The beauty that we have found in our pain, my friends, has been in those who have walked into our house and sat down on the couch with nothing. We haven’t always needed meals or stuff; we have had so many of those we are thankful for, but the thing we have needed the most is for our people to stay. We have needed our people to sit their butts on our couch cushions, ask us how we are, and just talk. Or not talk. Sometimes there aren’t words for our hard thing. Sometimes there aren’t words for your hard thing. But there is always, always a couch cushion and a cup of coffee and the thickness of uncomfortable silence that is better shared than spent alone.
The problem with hard things is that too many people are afraid to ask if they can come just sit with you. The problem with hard things is that too many people are afraid of the thickness and the heaviness of the air when so many words are floating around, and yet there is nothing to say except, “I’m sorry.” The problem with hard things is that too many people are afraid to fill those empty couch cushions with their presence and just be there taking up space.
So many afternoons have been spent the last fifteen months with people asking if they can drop by for a visit.
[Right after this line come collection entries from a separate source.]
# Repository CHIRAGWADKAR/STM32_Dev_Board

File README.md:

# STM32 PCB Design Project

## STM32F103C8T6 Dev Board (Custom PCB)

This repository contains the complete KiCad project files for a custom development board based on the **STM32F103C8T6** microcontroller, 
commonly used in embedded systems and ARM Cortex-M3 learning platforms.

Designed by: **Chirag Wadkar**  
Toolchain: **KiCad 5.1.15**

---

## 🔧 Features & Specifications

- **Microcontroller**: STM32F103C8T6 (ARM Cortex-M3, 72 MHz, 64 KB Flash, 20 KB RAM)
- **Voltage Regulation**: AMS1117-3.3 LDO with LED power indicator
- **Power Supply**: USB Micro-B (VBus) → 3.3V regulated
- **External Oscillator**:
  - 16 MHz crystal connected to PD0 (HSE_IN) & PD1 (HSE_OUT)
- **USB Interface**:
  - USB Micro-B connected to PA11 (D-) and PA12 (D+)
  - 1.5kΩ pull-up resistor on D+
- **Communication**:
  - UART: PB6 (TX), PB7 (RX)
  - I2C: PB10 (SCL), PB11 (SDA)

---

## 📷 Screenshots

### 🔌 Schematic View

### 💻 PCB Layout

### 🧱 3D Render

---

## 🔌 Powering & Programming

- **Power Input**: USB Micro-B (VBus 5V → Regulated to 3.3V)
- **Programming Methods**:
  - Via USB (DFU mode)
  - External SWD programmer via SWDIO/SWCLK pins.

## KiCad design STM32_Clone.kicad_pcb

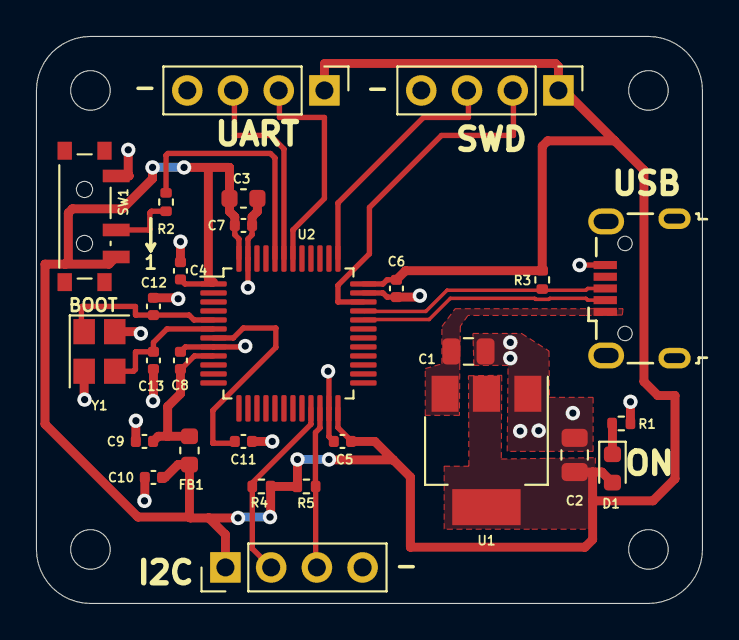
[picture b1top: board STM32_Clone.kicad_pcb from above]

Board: 2 copper layers, 37.0 x 31.5 mm, 32 parts (0 on the bottom side), 18 nets.

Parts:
C1, C2: 22u; C_0805_2012Metric
C3: 10u; C_0603_1608Metric
C4, C5, C6, C7, C11: 100n; C_0402_1005Metric
C8: 10n; C_0402_1005Metric
C9, C10: 1u; C_0402_1005Metric
C12, C13: 10p; C_0402_1005Metric
D1: RED; LED_0603_1608Metric
FB1: 120R; L_0603_1608Metric
H1, H2, H3, H4: MountingHole; MountingHole_2.2mm_M2
J1: USB_B_Micro; USB_Micro-B_Wuerth_629105150521
J2, J3, J4: Conn_01x04_Male; PinHeader_1x04_P2.54mm_Vertical
R1, R3, R4, R5: 1k5; R_0402_1005Metric
R2: 10k; R_0402_1005Metric
SW1: SW_SPDT; SW_SPDT_PCM12
U1: AMS1117-3.3; SOT-223-3_TabPin2
U2: STM32F103C8T6; LQFP-48_7x7mm_P0.5mm
Y1: 16MHz; Crystal_SMD_3225-4Pin_3.2x2.5mm

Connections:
+3.3VA: C8.1, C9.1, FB1.2, U2.9
+3V3: C2.1, C3.1, C4.1, C5.1, C6.1, C7.1, C10.1, D1.2, FB1.1, J2.1, J3.1, J4.1, R3.1, R4.1, R5.1, SW1.3, U1.2, U2.1, U2.24, U2.36, U2.48
/BOOT0: R2.1, U2.44
/HSE_IN: C12.1, U2.5, Y1.1
/HSE_OUT: C13.1, U2.6, Y1.3
/I2C2_SCL: J4.2, R4.2, U2.21
/I2C2_SDA: J4.3, R5.2, U2.22
/NRST: C11.1, U2.7
/PWR_LED_K: D1.1, R1.1
/SWCLK: J3.3, U2.37
/SWDIO: J3.2, U2.34
/SW_BOOT0: R2.2, SW1.2
/USART1_RX: J2.3, U2.43
/USART1_TX: J2.2, U2.42
/USB_D+: J1.3, R3.2, U2.33
/USB_D-: J1.2, U2.32
GND: C1.2, C2.2, C3.2, C4.2, C5.2, C6.2, C7.2, C8.2, C9.2, C10.2, C11.2, C12.2, C13.2, J1.5, J2.4, J3.4, J4.4, R1.2, SW1.1, U1.1, U2.8, U2.23, U2.35, U2.47, Y1.2, Y1.4
VBUS: C1.1, J1.1, U1.3

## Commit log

2025-06-21 Initial Commit - STM32 PCB
2025-06-21 added images, changed Readme file
2025-06-21 added gerber files

Yes. Please do that. Please keep asking to do that. While we are getting back to what will forever be a new normal for us--our old lives will never exist again--we will need our people. And we will keep being that for you, if you will allow us to be. We want to put our butts on your couch and sit in your discomfort, too.
Because the other problem with hard things is that we can’t do them alone, and so my new call-to-action for you is this: please do not let someone’s couch cushions sit empty. Please, fill those cushions with your butts. Please listen to the uncomfortable silence with them; you may never say a word, but your presence in the discomfort will mean more than any words you could ever say.